▶ Requirement
Print the listing from its top line through the line containing "[picture b1s7b: schematic", nothing more, and leave out the pictures.

★ ★ ★

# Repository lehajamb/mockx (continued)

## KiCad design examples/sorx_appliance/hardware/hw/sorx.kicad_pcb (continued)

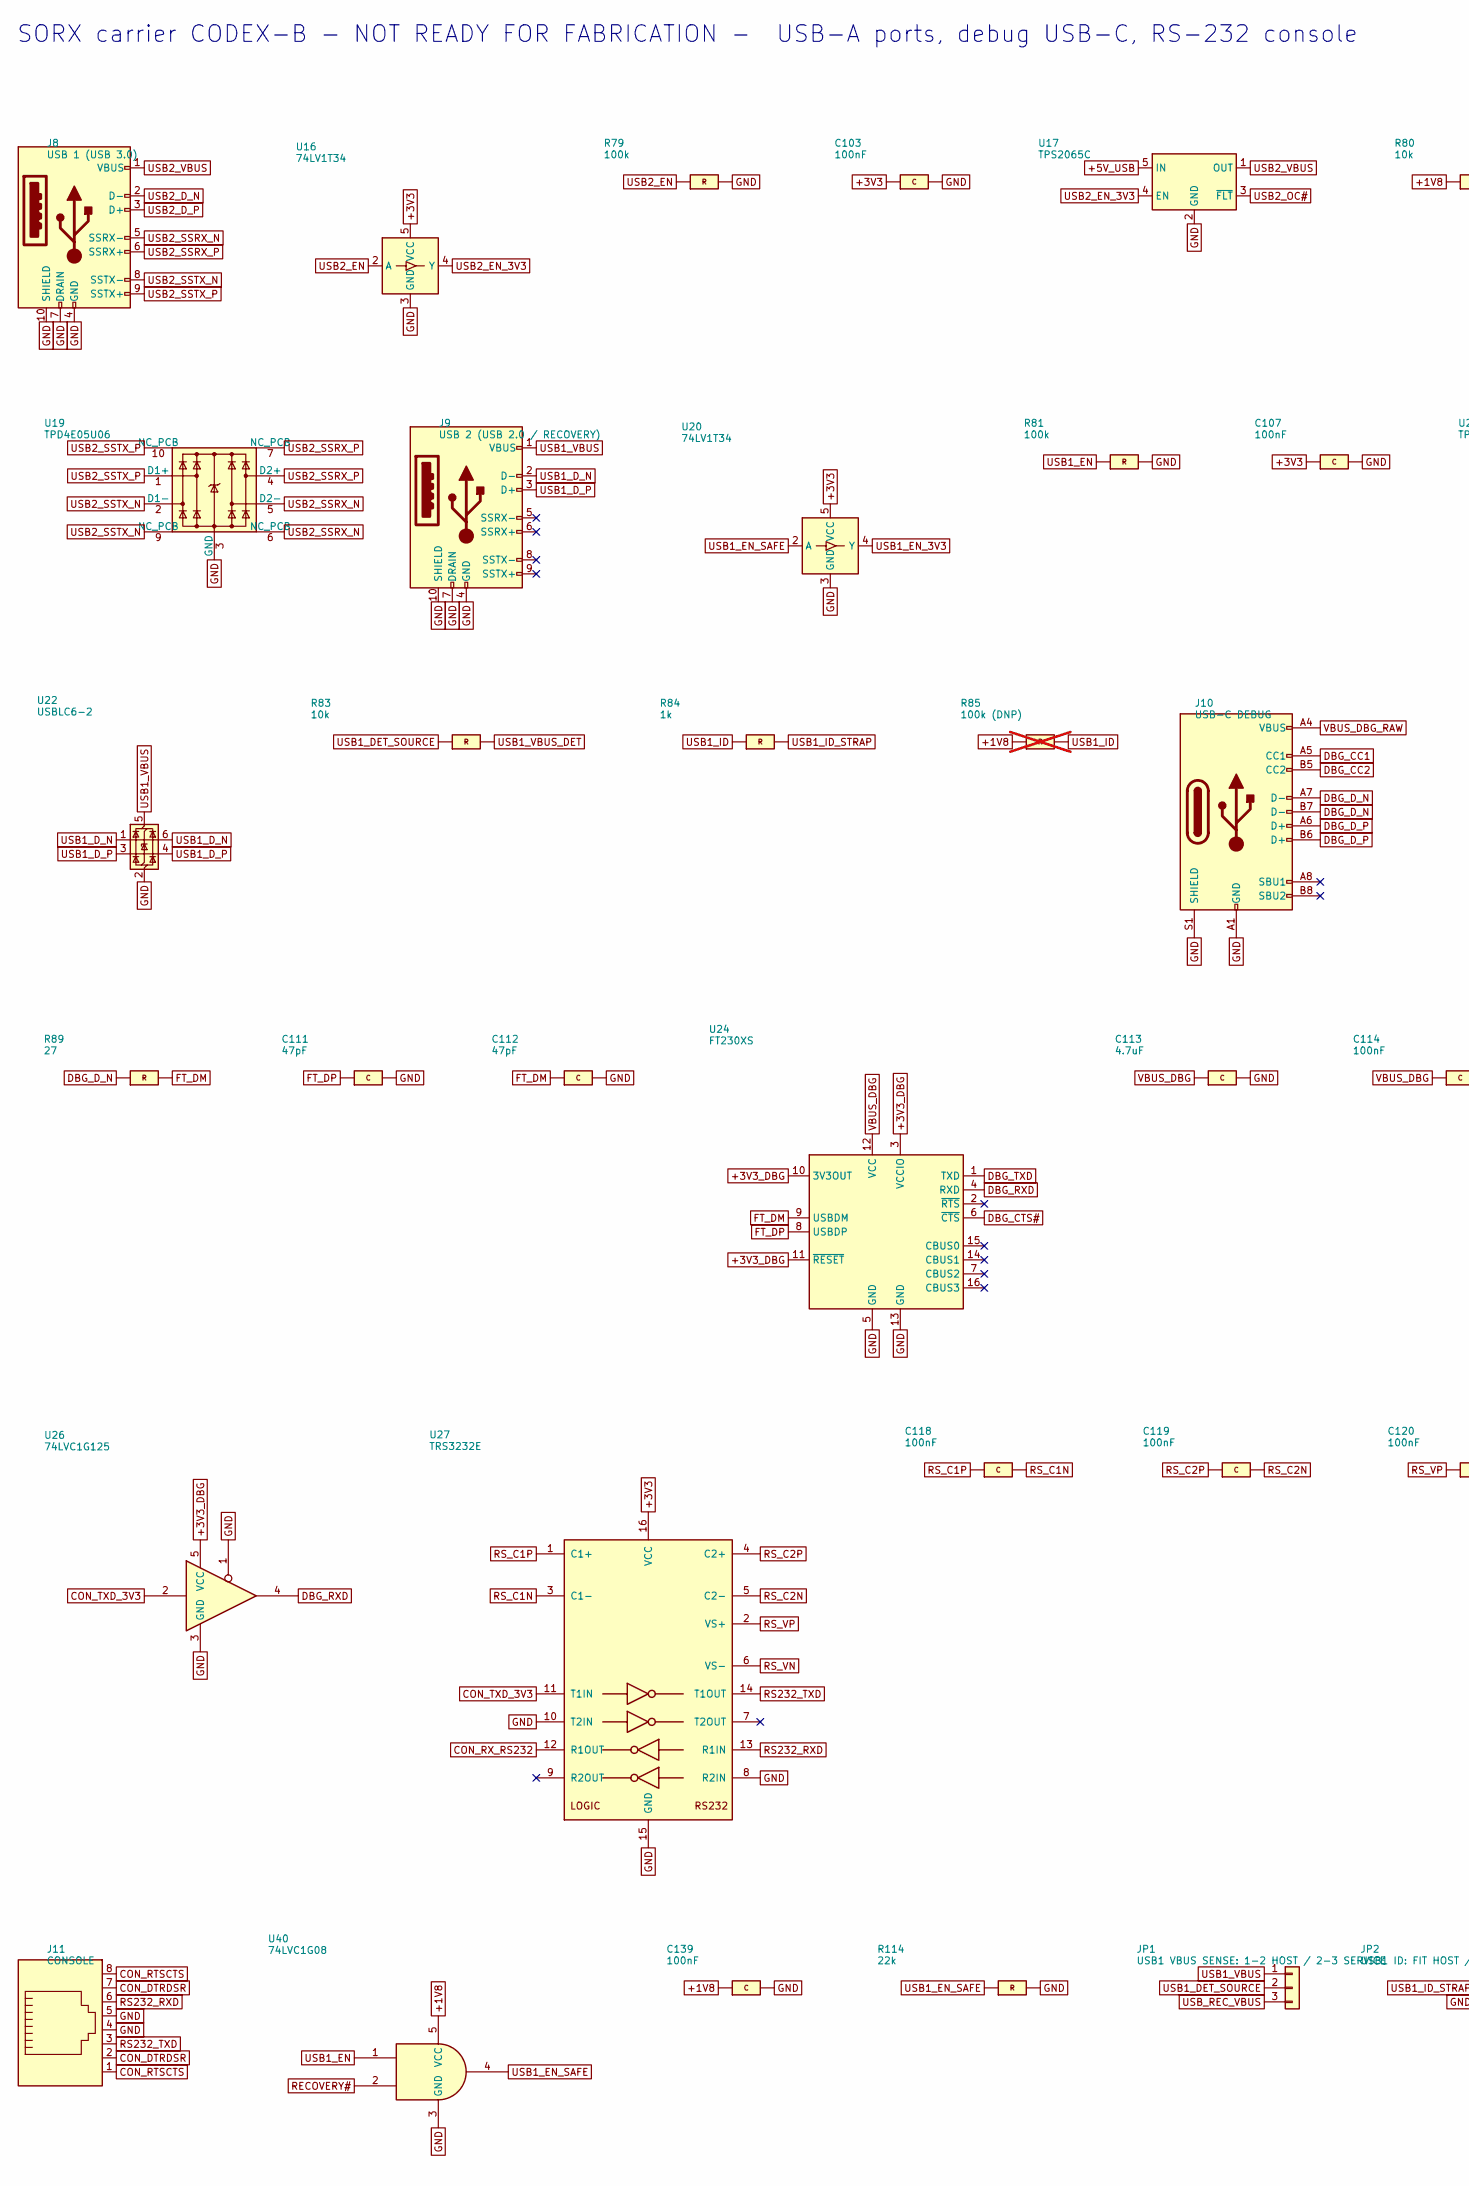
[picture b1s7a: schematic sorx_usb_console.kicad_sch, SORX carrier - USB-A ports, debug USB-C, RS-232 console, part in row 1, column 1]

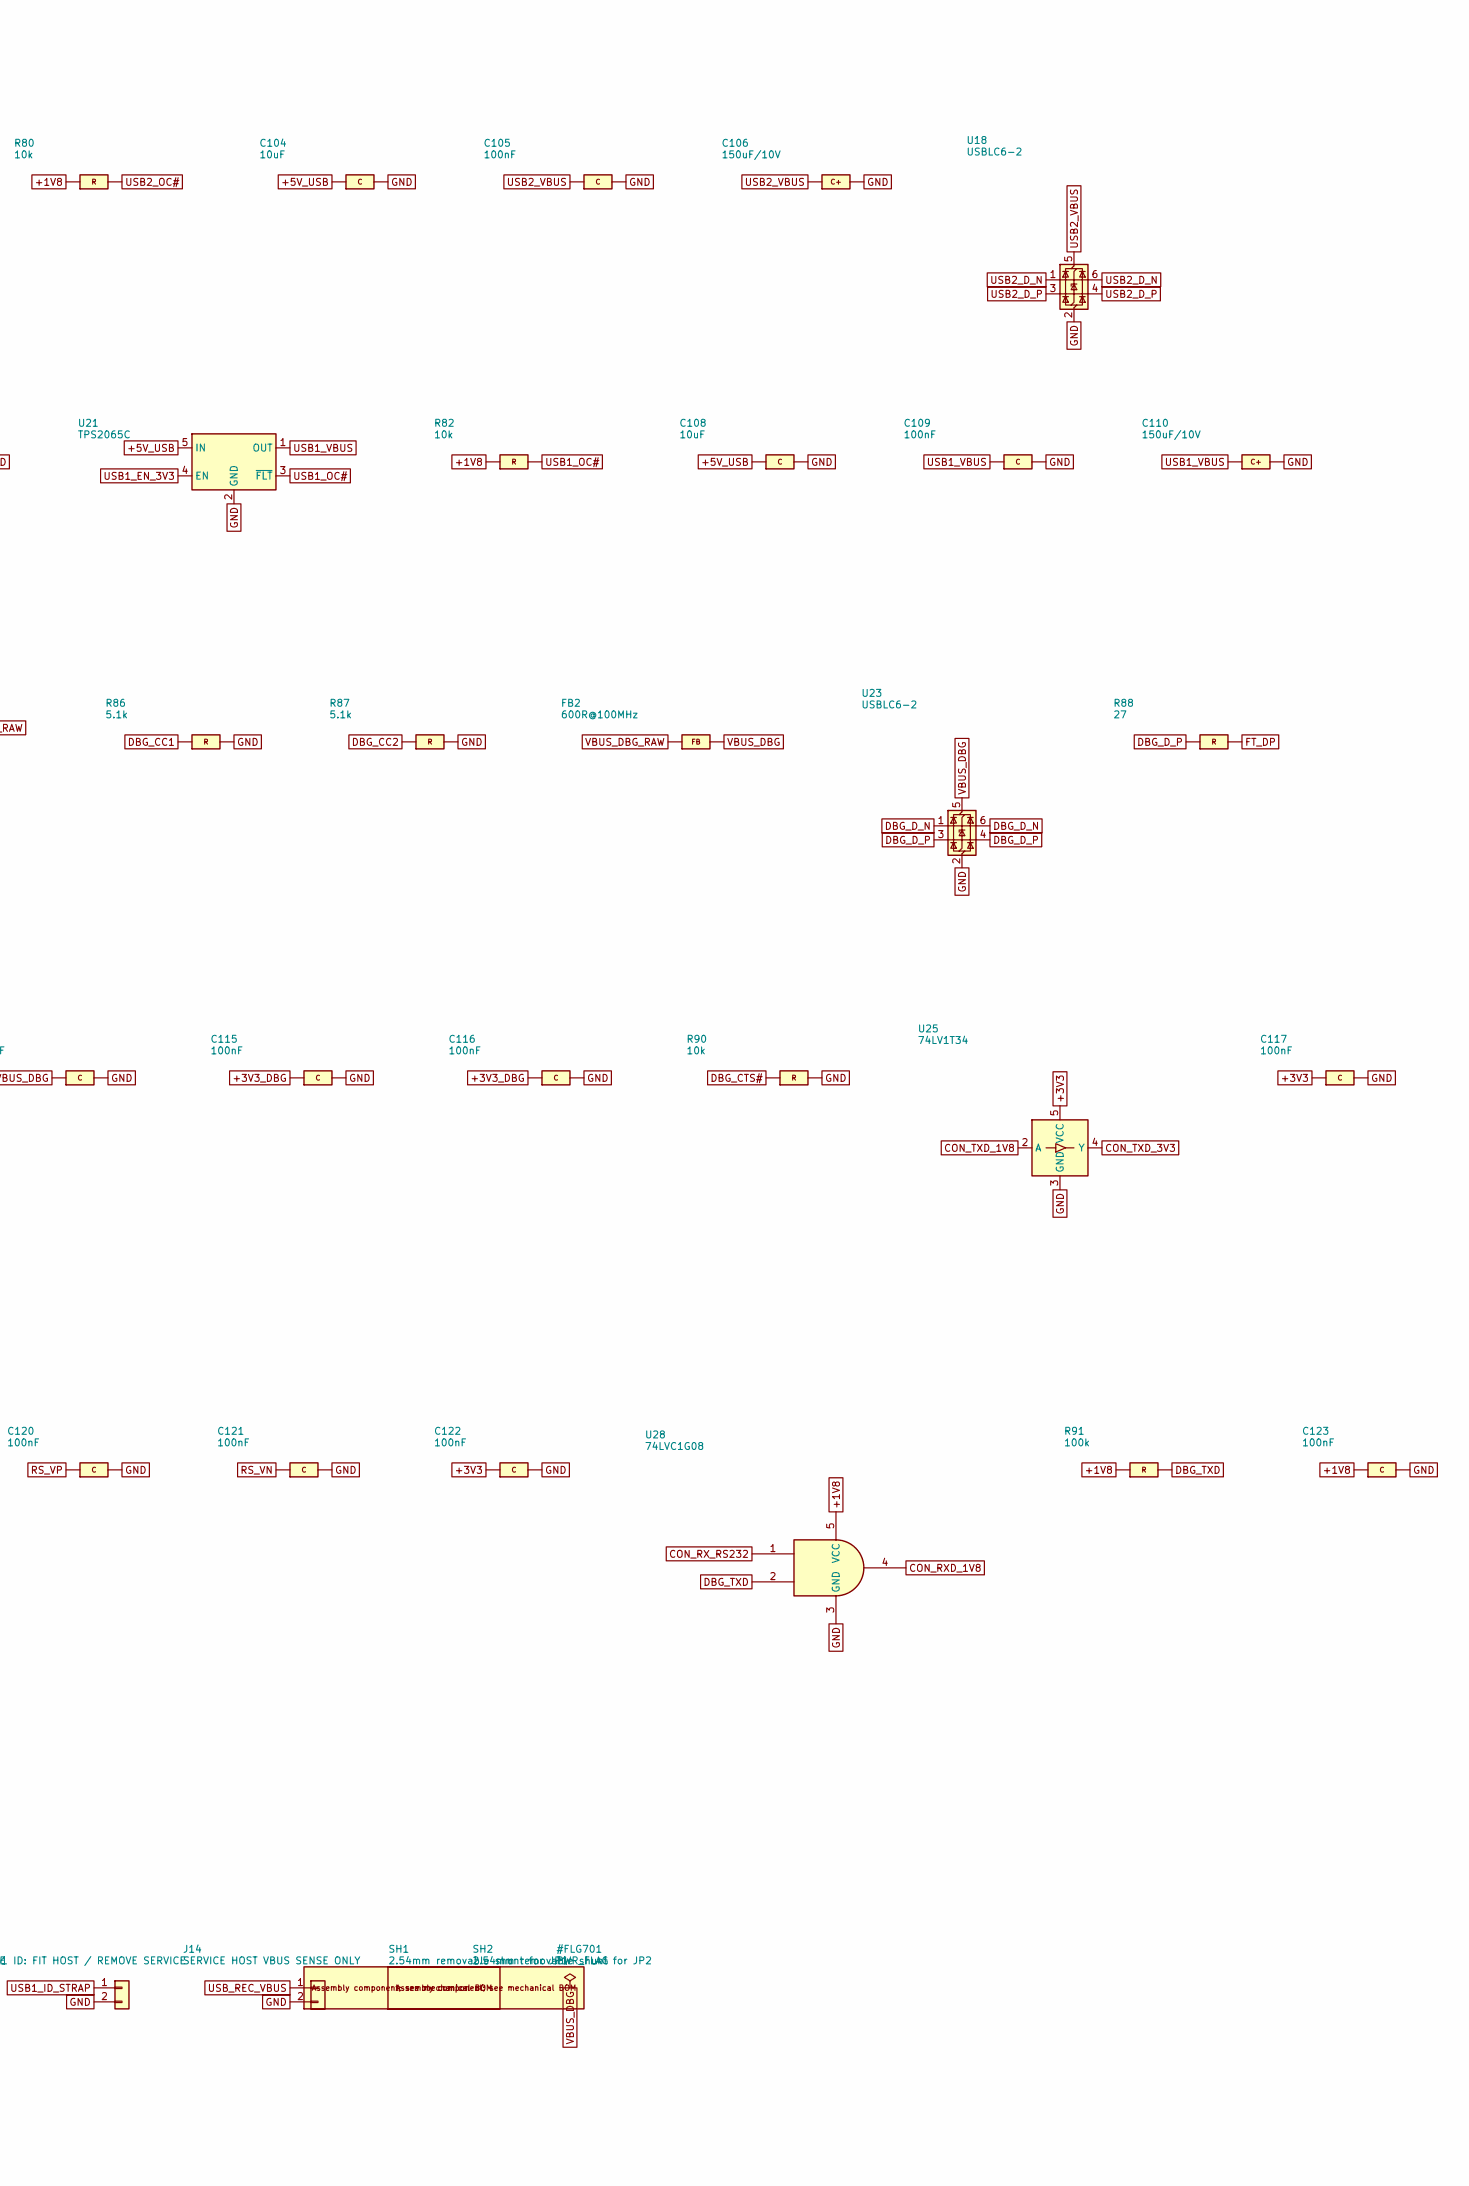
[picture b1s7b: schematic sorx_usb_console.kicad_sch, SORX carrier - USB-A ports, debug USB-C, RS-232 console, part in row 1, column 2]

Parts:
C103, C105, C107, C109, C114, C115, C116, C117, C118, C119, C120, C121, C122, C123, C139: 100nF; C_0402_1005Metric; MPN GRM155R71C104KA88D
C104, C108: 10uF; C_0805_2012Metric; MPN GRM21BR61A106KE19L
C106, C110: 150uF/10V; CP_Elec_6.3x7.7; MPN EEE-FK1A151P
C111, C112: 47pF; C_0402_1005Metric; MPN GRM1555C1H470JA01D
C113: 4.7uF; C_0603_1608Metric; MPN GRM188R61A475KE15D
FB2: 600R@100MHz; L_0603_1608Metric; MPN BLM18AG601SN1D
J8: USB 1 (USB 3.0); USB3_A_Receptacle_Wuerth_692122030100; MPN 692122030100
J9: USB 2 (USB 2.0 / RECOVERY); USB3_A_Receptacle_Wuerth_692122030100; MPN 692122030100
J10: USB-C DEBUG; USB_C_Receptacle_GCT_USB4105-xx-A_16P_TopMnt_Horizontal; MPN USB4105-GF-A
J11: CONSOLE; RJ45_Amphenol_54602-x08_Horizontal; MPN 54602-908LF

★ ★ ★

▶ Exercise output
# Repository lehajamb/mockx (continued)

## KiCad design examples/sorx_appliance/hardware/hw/sorx.kicad_pcb (continued)

[picture b1s7a: schematic sorx_usb_console.kicad_sch, SORX carrier - USB-A ports, debug USB-C, RS-232 console, part in row 1, column 1]

[picture b1s7b: schematic sorx_usb_console.kicad_sch, SORX carrier - USB-A ports, debug USB-C, RS-232 console, part in row 1, column 2]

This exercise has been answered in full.